Тихонько выругавшись, она с трудом пробралась между мирно спящими в глубокой грязи свиньями. Теперь платье не годится даже для самой последней судомойки, придется отдать его старьевщику. Она пожала плечами. В последнее время платья изнашиваются все быстрее и быстрее.
Джорджиана осторожно поставила корзину с инструментами на край корыта, взяла молоток и вытащила кривые, плохо забитые гвозди. Гнилая доска с грохотом отвалилась от кормушки, разбудив свиней. Теперь придется действовать быстро.
Не прошло и пары минут, как доска была прилажена на место, гвозди забиты должным образом, а на Джорджиану обрушилась небольшая восторженно хрюкающая лавина. Вездесущие влажные пятачки с любопытством тыкались в закрепленную кормушку, шарили по краю корыта и даже проникли под подол платья…
Джорджиана покачнулась и потеряла равновесие. Теперь платье не пригодится даже старьевщику. С этой мыслью она успешно приземлилась прямиком в грязь и, посмотрев на себя, обнаружила, что испачкалась окончательно. Повсюду только восхитительная зеленовато-коричневая субстанция, сдобренная резким запахом… свинства, от которого просто слезы на глаза наворачивались.
И разумеется, в качестве финального унизительного аккорда Гвендолин – Джорджиана не устояла перед искушением назвать именем свекрови самую жирную и устрашающую хавронью – перевернула своим гнусным рылом корзину с инструментами. Тяжелый обух топора упал Джорджиане на ногу. Прямо на больное колено.
– О-о-о, – простонала она, хватаясь за ушибленное место. – Чтоб тебе пусто было, идиотское жалкое подобие окорока. Я собственноручно приготовлю бекон из твоей туши. Сегодня же, Гвендолин!
Джорджиана закончила гневную тираду образцово-показательным сквернословием самого нечестивого свойства. Два десятка лет она прилежно училась у полевых работников и при случае с законной гордостью изливала потоки площадной брани на какой-нибудь подходящий объект. Конечно, если рядом никого не было.
Внезапно она уловила какое-то движение, подняла глаза и увидела, что прямо перед ней стоит он.
Куинн. Куинн Фортескью.
О небо! Это он. Она открыла рот, но не смогла произнести ни единого слова. Зато ее сердце расстаралось вовсю – наверняка даже он слышит, как громко оно бьется.

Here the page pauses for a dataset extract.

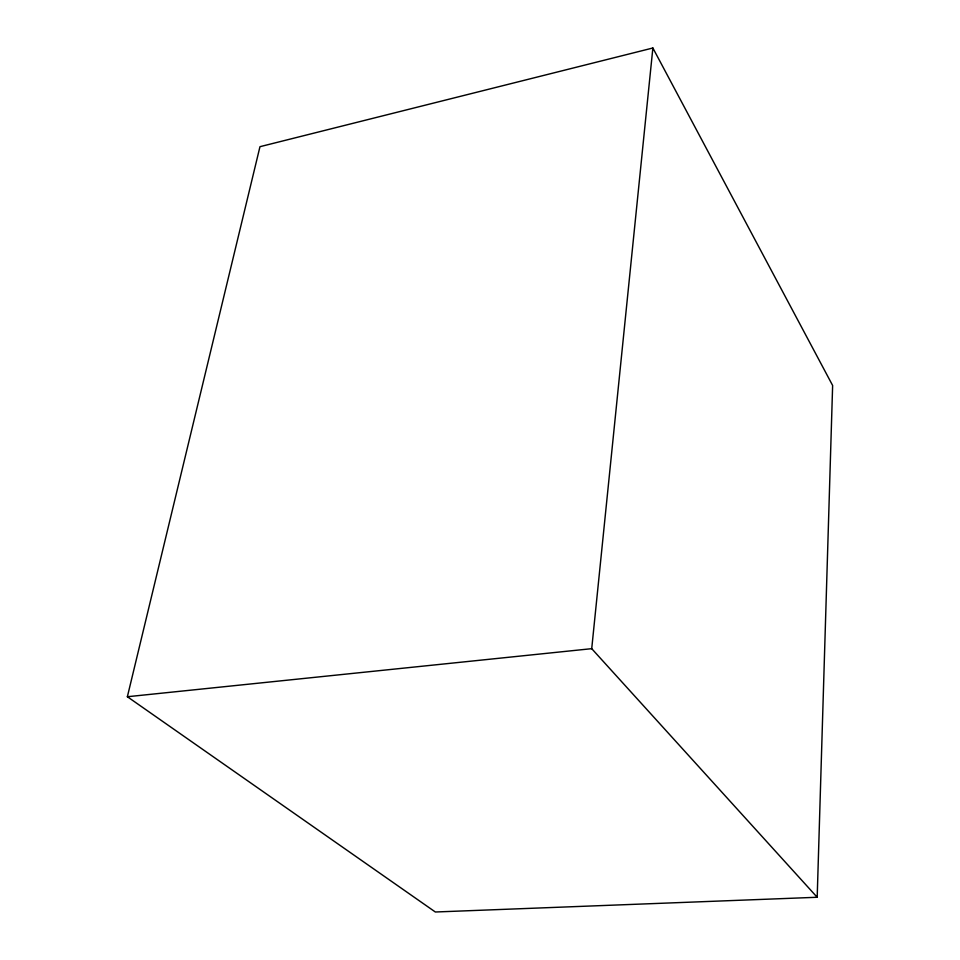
<?xml version="1.0" encoding="UTF-8"?>
<svg xmlns="http://www.w3.org/2000/svg" width="960" height="960" viewBox="0 0 960 960"><rect width="100%" height="100%" fill="white"/><g stroke="black" fill="none" stroke-linecap="round" stroke-linejoin="round"><path stroke-width="1.44" d="M817.188 897.264L832.632 385.476L652.872 48L259.968 146.688L127.368 696.732L435.348 912L817.188 897.264L591.72 648.672L652.872 48M127.368 696.732L591.72 648.672"/></g></svg>

В присутствии Куинна она всегда становилась круглой идиоткой, и, похоже, за пятнадцать лет ничего не изменилось. Впрочем, нет. Теперь ей придется совсем плохо, потому что он превратился в невозможно красивого мужчину.
Спокойный, невозмутимый, безукоризненно одетый – само совершенство и настоящий маркиз Элсмир, – он стоял, расправив невероятно широкие плечи, расставив ноги и подперев бока руками. Незыблемый и вечный, словно огромный дуб на лужайке Пенроуза. Только под дубом не происходило такого великолепного торжествующего свинства, как сейчас перед глазами Куинна.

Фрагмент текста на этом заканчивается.